[EXCERPTED DATA]
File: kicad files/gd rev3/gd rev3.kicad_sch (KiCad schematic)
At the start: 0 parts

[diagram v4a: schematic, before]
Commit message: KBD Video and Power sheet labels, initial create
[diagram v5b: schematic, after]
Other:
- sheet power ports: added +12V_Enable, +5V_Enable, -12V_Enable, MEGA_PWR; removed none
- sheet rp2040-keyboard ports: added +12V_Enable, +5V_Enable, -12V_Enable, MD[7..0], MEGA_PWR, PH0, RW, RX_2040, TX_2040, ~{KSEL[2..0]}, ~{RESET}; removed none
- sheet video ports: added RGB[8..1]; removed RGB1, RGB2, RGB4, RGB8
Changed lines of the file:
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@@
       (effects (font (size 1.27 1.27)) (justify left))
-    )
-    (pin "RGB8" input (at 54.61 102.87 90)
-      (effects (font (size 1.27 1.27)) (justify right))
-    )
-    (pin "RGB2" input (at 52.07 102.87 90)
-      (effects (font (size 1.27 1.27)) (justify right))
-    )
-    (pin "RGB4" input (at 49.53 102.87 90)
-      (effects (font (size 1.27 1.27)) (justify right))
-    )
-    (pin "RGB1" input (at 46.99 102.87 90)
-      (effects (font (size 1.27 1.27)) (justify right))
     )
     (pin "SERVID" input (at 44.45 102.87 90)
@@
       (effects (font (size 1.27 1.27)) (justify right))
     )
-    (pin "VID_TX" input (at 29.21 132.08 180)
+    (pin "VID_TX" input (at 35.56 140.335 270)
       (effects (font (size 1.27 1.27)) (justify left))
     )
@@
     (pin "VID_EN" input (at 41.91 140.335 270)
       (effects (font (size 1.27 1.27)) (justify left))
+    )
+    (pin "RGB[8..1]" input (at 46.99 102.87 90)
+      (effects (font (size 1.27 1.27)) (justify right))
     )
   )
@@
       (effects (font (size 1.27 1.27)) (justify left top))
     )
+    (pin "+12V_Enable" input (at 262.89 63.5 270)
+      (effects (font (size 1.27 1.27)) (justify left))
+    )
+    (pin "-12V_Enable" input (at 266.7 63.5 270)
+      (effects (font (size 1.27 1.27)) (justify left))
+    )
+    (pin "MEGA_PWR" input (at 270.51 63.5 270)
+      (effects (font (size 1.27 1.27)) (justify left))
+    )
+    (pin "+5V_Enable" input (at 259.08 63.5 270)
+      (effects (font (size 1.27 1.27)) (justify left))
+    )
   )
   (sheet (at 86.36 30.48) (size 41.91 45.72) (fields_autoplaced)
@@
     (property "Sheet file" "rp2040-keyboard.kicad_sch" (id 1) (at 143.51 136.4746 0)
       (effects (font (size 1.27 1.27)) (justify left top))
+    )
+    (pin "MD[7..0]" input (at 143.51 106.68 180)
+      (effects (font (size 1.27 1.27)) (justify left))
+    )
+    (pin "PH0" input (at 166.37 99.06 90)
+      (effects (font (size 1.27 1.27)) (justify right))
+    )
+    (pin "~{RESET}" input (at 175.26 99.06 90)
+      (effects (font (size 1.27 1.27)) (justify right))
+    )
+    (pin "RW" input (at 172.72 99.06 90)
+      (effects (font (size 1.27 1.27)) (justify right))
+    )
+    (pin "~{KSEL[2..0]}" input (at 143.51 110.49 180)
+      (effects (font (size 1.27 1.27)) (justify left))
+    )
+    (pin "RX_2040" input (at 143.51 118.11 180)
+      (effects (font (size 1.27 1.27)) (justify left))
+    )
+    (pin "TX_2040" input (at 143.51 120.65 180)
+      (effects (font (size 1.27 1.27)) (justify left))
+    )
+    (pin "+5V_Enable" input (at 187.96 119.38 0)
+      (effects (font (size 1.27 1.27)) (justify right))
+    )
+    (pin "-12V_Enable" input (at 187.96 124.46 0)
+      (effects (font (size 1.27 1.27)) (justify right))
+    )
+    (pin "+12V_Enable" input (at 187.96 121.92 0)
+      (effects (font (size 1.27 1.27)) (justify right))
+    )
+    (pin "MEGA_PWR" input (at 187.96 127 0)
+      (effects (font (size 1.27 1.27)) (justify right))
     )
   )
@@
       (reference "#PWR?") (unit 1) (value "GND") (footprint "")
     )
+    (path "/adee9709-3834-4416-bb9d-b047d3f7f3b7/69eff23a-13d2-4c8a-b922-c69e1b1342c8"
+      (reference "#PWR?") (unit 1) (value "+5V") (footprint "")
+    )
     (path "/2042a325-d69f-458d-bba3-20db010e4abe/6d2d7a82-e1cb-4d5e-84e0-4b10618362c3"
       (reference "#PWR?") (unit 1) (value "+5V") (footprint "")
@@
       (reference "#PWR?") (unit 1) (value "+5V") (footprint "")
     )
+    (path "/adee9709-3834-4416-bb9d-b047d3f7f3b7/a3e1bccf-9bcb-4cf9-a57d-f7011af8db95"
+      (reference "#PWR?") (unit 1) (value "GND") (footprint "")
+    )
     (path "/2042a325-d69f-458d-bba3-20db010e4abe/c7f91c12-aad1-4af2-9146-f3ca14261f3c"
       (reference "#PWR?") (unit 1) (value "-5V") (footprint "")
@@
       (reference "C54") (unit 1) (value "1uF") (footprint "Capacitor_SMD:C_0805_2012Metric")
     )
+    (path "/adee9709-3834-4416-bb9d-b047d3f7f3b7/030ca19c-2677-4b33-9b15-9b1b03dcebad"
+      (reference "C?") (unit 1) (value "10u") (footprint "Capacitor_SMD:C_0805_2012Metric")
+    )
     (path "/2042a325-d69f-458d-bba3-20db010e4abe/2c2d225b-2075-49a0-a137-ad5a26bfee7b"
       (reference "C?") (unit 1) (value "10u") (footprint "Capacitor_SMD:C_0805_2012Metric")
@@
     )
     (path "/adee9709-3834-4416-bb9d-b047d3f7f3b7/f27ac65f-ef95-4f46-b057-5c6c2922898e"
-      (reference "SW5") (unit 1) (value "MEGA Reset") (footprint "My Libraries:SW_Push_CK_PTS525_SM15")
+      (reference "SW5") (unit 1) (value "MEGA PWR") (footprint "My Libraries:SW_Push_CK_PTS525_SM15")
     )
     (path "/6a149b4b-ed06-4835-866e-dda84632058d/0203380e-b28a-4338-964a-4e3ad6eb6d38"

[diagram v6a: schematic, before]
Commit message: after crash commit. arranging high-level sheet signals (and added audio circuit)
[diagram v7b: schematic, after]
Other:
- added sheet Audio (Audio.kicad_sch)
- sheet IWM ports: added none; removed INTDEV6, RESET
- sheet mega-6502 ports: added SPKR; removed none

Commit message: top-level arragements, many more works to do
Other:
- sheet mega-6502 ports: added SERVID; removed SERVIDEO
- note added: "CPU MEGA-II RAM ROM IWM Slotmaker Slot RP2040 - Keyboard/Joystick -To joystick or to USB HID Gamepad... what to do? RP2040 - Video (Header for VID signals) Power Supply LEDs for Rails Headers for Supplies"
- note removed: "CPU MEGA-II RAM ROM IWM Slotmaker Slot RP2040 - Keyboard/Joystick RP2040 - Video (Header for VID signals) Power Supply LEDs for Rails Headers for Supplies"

[TASK DETAILS]
Copy every line of the records above that holds the word "Joystick".

[YOUR SOLUTION]
- note added: "CPU MEGA-II RAM ROM IWM Slotmaker Slot RP2040 - Keyboard/Joystick -To joystick or to USB HID Gamepad... what to do? RP2040 - Video (Header for VID signals) Power Supply LEDs for Rails Headers for Supplies"
- note removed: "CPU MEGA-II RAM ROM IWM Slotmaker Slot RP2040 - Keyboard/Joystick RP2040 - Video (Header for VID signals) Power Supply LEDs for Rails Headers for Supplies"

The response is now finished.